Mexican government adopts multidimensional methodology to measure poverty
• The new system measures the level of deprivation of human social rights like health, education, food and social security
Mexico, Federal District, 10th of December 2009 - Mexican government adopts officially a multidimensional methodology to measure poverty. Gonzalo Hernández Licona, General Secretary of CONEVAL, the National Council for the Evaluation of Social Development Policies, presented today the new measurement system, which represents a major breakthrough in the way Mexican government describes and measures poverty.
The new measurement, which will be used officially from now on, includes not only incomes data but also indicators of the level of fulfillment of social human rights established by the Federal Law for Social Development, including health, education, social security, food, characteristics of the housing and its services, and level of social cohesion.
Mexico is the first country in the region to adopt such a multidimensional measurement system, consistent with the vision and methodology used by UNICEF for the design of its poverty and disparities global report.
According to the new calculations, 44.2 % of the population lives in poverty: 33.7 % (36 million people) in moderate poverty and 10.5 % (11.2 millions) in extreme poverty.
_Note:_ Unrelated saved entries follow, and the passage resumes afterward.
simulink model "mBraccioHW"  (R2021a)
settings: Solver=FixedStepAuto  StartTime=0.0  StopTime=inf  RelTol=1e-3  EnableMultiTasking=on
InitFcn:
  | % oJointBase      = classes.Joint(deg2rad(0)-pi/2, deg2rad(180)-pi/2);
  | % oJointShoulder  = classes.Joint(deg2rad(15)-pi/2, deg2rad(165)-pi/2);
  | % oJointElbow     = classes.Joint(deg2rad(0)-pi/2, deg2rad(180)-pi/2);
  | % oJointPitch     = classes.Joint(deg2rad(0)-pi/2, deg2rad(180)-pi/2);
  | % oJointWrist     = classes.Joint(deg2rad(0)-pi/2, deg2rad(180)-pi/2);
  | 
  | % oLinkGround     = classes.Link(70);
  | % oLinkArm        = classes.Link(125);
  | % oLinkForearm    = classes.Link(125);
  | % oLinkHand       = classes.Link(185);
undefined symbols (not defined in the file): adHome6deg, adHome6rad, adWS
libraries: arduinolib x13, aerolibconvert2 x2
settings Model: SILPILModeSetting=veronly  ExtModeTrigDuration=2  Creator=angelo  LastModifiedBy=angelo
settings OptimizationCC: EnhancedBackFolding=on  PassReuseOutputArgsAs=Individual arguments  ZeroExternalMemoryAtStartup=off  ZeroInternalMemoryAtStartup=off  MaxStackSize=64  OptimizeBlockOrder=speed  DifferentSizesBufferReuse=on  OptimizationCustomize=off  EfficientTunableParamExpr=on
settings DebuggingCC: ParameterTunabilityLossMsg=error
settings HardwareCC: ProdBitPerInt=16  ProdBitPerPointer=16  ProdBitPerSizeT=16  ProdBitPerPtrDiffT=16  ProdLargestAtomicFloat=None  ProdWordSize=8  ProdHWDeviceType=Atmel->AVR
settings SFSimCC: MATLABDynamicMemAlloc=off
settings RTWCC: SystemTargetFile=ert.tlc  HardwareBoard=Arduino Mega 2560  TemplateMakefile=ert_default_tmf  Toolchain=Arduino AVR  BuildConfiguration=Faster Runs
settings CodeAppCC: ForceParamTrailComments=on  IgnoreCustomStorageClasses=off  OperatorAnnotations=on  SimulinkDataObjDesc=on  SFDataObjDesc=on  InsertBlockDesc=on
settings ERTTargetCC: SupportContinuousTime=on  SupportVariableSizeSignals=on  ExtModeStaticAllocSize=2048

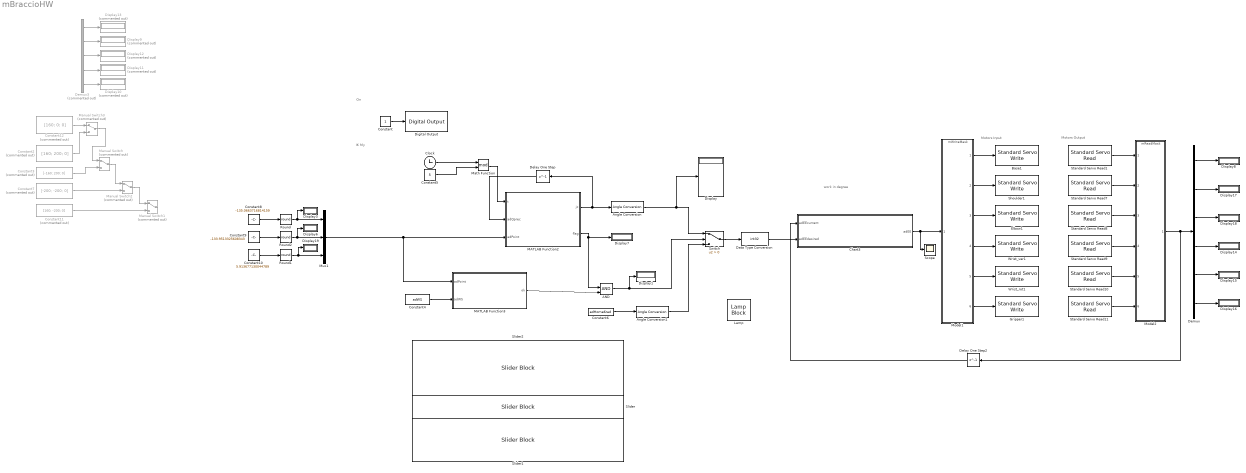
== system mBraccioHW ==
  note: On
  note: IK My
  note: work in degree
  note: Motors Input
  note: Motors Output
  AND : Logic  IconShape=distinctive  AllPortsSameDT=off  OutDataTypeStr=boolean
  Angle Conversion : aerolibconvert2/Angle Conversion  IU=rad  OU=deg
  Angle Conversion1 : aerolibconvert2/Angle Conversion  IU=rad  OU=deg
  Base1 : arduinolib/Standard Servo Write  pinNumber=11  ServoIndex=0  blockPlatform=ARDUINO
  Chart3 : Stateflow chart  TreatAsAtomicUnit=on  SystemSampleTime=0.02
  Clock : Clock
  Constant : Constant
  Constant10 : Constant  Value=5.913677130044789
  Constant11 : Constant  Commented=on  Value=[160; -200; 0]
  Constant12 : Constant  Commented=on  Value=[160; 0; 0]
  Constant2 : Constant  Commented=on  Value=[160; 200; 0]
  Constant3 : Constant  Commented=on  Value=[-160; 200; 0]
  Constant4 : Constant  Value=adWS
  Constant5 : Constant  Value=5
  Constant6 : Constant  Value=adHome6rad
  Constant7 : Constant  Commented=on  Value=[-200; -200; 0]
  Constant8 : Constant  Value=-135.0663716814159
  Constant9 : Constant  Value=-133.9513325608343
  Data Type Conversion : DataTypeConversion  OutDataTypeStr=int32  RndMeth=Round
  Delay One Step : Delay  DelayLength=1  InitialCondition=adHome6rad  SampleTime=0.02
  Delay One Step2 : Delay  DelayLength=1  InitialCondition=adHome6deg
  Demux : Demux  Outputs=6
  Demux3 : Demux  Commented=on  Outputs=5
  Digital Output : arduinolib/Digital Output  pinNumber=12  Direction=output  blockPlatform=arduino
  Display{,1,3,6..8,14..19} (12 alike) : Display
  Display{9..13} (5 alike) : Display  Commented=on
  Elbow1 : arduinolib/Standard Servo Write  pinNumber=9  ServoIndex=1  blockPlatform=ARDUINO
  Gripper1 : arduinolib/Standard Servo Write  pinNumber=3  ServoIndex=2  blockPlatform=ARDUINO
  Lamp : LampBlock
  MATLAB Function2 : MATLAB Function  TreatAsAtomicUnit=on  SystemSampleTime=0.02
  MATLAB Function3 : MATLAB Function  TreatAsAtomicUnit=on  SystemSampleTime=0.02
  Manual Switch{,1..3} (4 alike) : ManualSwitch  Commented=on
  Math Function : Math  Operator=mod  SaturateOnIntegerOverflow=on
  Model1 : ModelReference  ModelNameDialog=mWriteMask.slx  SimulationMode=Normal  ModelReferenceVersion=1.3
  Model2 : ModelReference  ModelNameDialog=mReadMask.slx  SimulationMode=Normal  ModelReferenceVersion=1.4
  Mux1 : Mux  Inputs=3
  Round : Rounding  Operator=round
  Round1 : Rounding  Operator=round
  Round2 : Rounding  Operator=round
  Scope : Scope
  Shoulder1 : arduinolib/Standard Servo Write  pinNumber=10  ServoIndex=3  blockPlatform=ARDUINO
  Slider : SliderBlock  LabelPosition=Hide  ScaleMin=-400  ScaleMax=+400
  Slider1 : SliderBlock  LabelPosition=Hide  ScaleMin=-400  ScaleMax=400
  Slider2 : SliderBlock  LabelPosition=Hide  ScaleMin=-400  ScaleMax=400
  Standard Servo Read1 : arduinolib/Standard Servo Read  pinNumber=11  SampleTime=0.02  ServoIndex=0  blockPlatform=ARDUINO
      settings: SourceProductBaseCode=ARDUINO
  Standard Servo Read10 : arduinolib/Standard Servo Read  pinNumber=5  SampleTime=0.02  ServoIndex=4  blockPlatform=ARDUINO
      settings: SourceProductBaseCode=ARDUINO
  Standard Servo Read11 : arduinolib/Standard Servo Read  pinNumber=3  SampleTime=0.02  ServoIndex=2  blockPlatform=ARDUINO
      settings: SourceProductBaseCode=ARDUINO
  Standard Servo Read7 : arduinolib/Standard Servo Read  pinNumber=10  SampleTime=0.02  ServoIndex=3  blockPlatform=ARDUINO
      settings: SourceProductBaseCode=ARDUINO
  Standard Servo Read8 : arduinolib/Standard Servo Read  pinNumber=9  SampleTime=0.02  ServoIndex=1  blockPlatform=ARDUINO
      settings: SourceProductBaseCode=ARDUINO
  Standard Servo Read9 : arduinolib/Standard Servo Read  pinNumber=6  SampleTime=0.02  ServoIndex=5  blockPlatform=ARDUINO
      settings: SourceProductBaseCode=ARDUINO
  Switch : Switch  Criteria=u2 > Threshold
  Wrist_rot1 : arduinolib/Standard Servo Write  pinNumber=5  ServoIndex=4  blockPlatform=ARDUINO
  Wrist_ver1 : arduinolib/Standard Servo Write  pinNumber=6  ServoIndex=5  blockPlatform=ARDUINO
  wires:
  Constant/1 -> Digital Output/1
  Demux3/1 -> Display13/1
  Demux3/3 -> Display12/1
  Demux3/5 -> Display10/1
  Demux3/2 -> Display9/1
  Demux3/4 -> Display11/1
  Chart3/1(adEE) -> Model1/1, Scope/1
  Delay One Step2/1 -> Chart3/1(adEEcurrent)
  MATLAB Function2/2(flag) -> AND/1, Display7/1
  MATLAB Function2/1(jc) -> Angle Conversion/1, Delay One Step/1
  Constant4/1 -> MATLAB Function3/2(adWS)
  MATLAB Function3/1(ok) -> AND/2
  AND/1 -> Switch/2, Display1/1
  Constant6/1 -> Angle Conversion1/1
  Angle Conversion1/1 -> Switch/3
  Clock/1 -> Math Function/1
  Constant5/1 -> Math Function/2
  Math Function/1 -> MATLAB Function2/1(t)
  Delay One Step/1 -> MATLAB Function2/2(adQprec)
  Constant8/1 -> Round/1
  Constant9/1 -> Round2/1
  Constant10/1 -> Round1/1
  Constant3/1 -> Manual Switch/2
  Manual Switch/1 -> Manual Switch2/1
  Constant7/1 -> Manual Switch2/2
  Manual Switch2/1 -> Manual Switch1/1
  Constant11/1 -> Manual Switch1/2
  Round1/1 -> Display19/1, Mux1/3
  Round/1 -> Display3/1, Mux1/1
  Constant12/1 -> Manual Switch3/1
  Constant2/1 -> Manual Switch3/2
  Manual Switch3/1 -> Manual Switch/1
  Demux/2 -> Display17/1
  Demux/3 -> Display18/1
  Demux/1 -> Display8/1
  Demux/5 -> Display15/1
  Demux/4 -> Display14/1
  Round2/1 -> Display6/1, Mux1/2
  Mux1/1 -> MATLAB Function3/1(adPoint), MATLAB Function2/3(adPoint)
  Demux/6 -> Display16/1
  Angle Conversion/1 -> Display/1, Switch/1
  Switch/1 -> Data Type Conversion/1
  Data Type Conversion/1 -> Chart3/2(adEEdesired)
  Model1/1 -> Base1/1
  Model1/2 -> Shoulder1/1
  Model1/3 -> Elbow1/1
  Model1/4 -> Wrist_ver1/1
  Model1/5 -> Wrist_rot1/1
  Model1/6 -> Gripper1/1
  Standard Servo Read1/1 -> Model2/1
  Standard Servo Read7/1 -> Model2/2
  Standard Servo Read8/1 -> Model2/3
  Standard Servo Read9/1 -> Model2/4
  Standard Servo Read10/1 -> Model2/5
  Standard Servo Read11/1 -> Model2/6
  Model2/1 -> Delay One Step2/1, Demux/1

== matlab function mBraccioHW/MATLAB Function2 ==
  data: t input; adQprec input; adPoint input; jc output; flag output
function [jc, flag] = ikin(t, adQprec, adPoint)
if(t ~= 0)
    flag  	= true;
    jc      = adQprec;
    return;
end

% Joints definition
oJointBase      = classes.Joint(deg2rad(0)-pi/2, deg2rad(180)-pi/2);
oJointShoulder  = classes.Joint(deg2rad(15)-pi/2, deg2rad(165)-pi/2);
oJointElbow     = classes.Joint(deg2rad(0)-pi/2, deg2rad(180)-pi/2);
oJointPitch     = classes.Joint(deg2rad(0)-pi/2, deg2rad(180)-pi/2);
oJointWrist     = classes.Joint(deg2rad(0)-pi/2, deg2rad(180)-pi/2);

% Liks definition
%oLinkGround     = classes.Link(70);
%oLinkArm        = classes.Link(125);
%oLinkForearm    = classes.Link(125);
%oLinkHand       = classes.Link(185);

oLinkGround     = classes.Link(74);
oLinkArm        = classes.Link(125);
oLinkForearm    = classes.Link(125);
oLinkHand       = classes.Link(195);

% Braccio definition
oBraccio        = classes.Robot5Dof(oJointBase, oJointShoulder,     ...
                                    oJointElbow, oJointPitch,       ... 
                                    oJointWrist, oLinkGround,       ...
                                    oLinkArm, oLinkForearm,         ...
                                    oLinkHand);

% IKIN computation
[bOK, adQ]      = oBraccio.IKIN(adPoint);

% Output
jc              = [adQ + pi/2; 0; deg2rad(70)];
flag            = bOK;
end

== stateflow chart mBraccioHW/Chart3 ==
  settings: executeAtInitialization=1
  state First
    during:
    adEE = [
    nextStep(adEEcurrent(1), adEEdesired(1));
    nextStep(adEEcurrent(2), adEEdesired(2));
    nextStep(adEEcurrent(3), adEEdesired(3));
    nextStep(adEEcurrent(4), adEEdesired(4));
    nextStep(adEEcurrent(5), adEEdesired(5));
    nextStep(adEEcurrent(6), adEEdesired(6)) ];
  (default) -> First
  data: current function_input; desired function_input; v function_output; adEEcurrent input; adEE output; adEEdesired input
  function v = nextStep(current, desired):
    | function v = nextStep(current, desired)
    | if (current < desired)
    |     current = current + 1;
    | end
    | 
    | if (current > desired)
    |     current = current - 1;
    | end
    | 
    | v = current;
    | end

== matlab function mBraccioHW/MATLAB Function3 ==
  data: adPoint input; ok output; adWS input
function ok = verifierWS(adPoint, adWS)
ok = functions.isInsideWorkspace(adPoint, adWS(1), adWS(2), adWS(3));
end

For the first time, the methodology enables to disaggregate data by population groups, including children and adolescents under 18, indigenous people as well as according to the states they live in. The measurement confirms that children and adolescents are disproportionally affected by poverty and deprivation of their basic social rights: 53.1 % of them live in poverty (44.2 % of the population in general).
“With the adoption of this new system, national authorities embrace a rights based approach to measure poverty. It enables to better understand the way poverty and deprivation of basic human rights affect disproportionally children and adolescents and thus offers an effective tool to design appropriate social policies” declared Susana Sottoli, UNICEF Representative in Mexico.
“As an international organization, a substantive part of our work in a country like Mexico is to work together with leading institutions like CONEVAL in order to generate knowledge and analysis that helps placing children’s rights at the very center of the social policy agenda”, she added.
The design of the new system has received support from UNICEF through the technical assistance of Professor David Gordon, Research Fellow in Social Justice at the University of Bristol, United Kingdom, who has contributed together with other national and international experts, to the development of the methodology. This support is part of a broad cooperation agreement signed last June by UNICEF and CONEVAL oriented to the inclusion of children’s rights in the analysis of national indicators. It also aims at measuring the impact of the financial crisis on children and adolescents and developing joint diagnosis and public policies recommendations for the protection of their rights.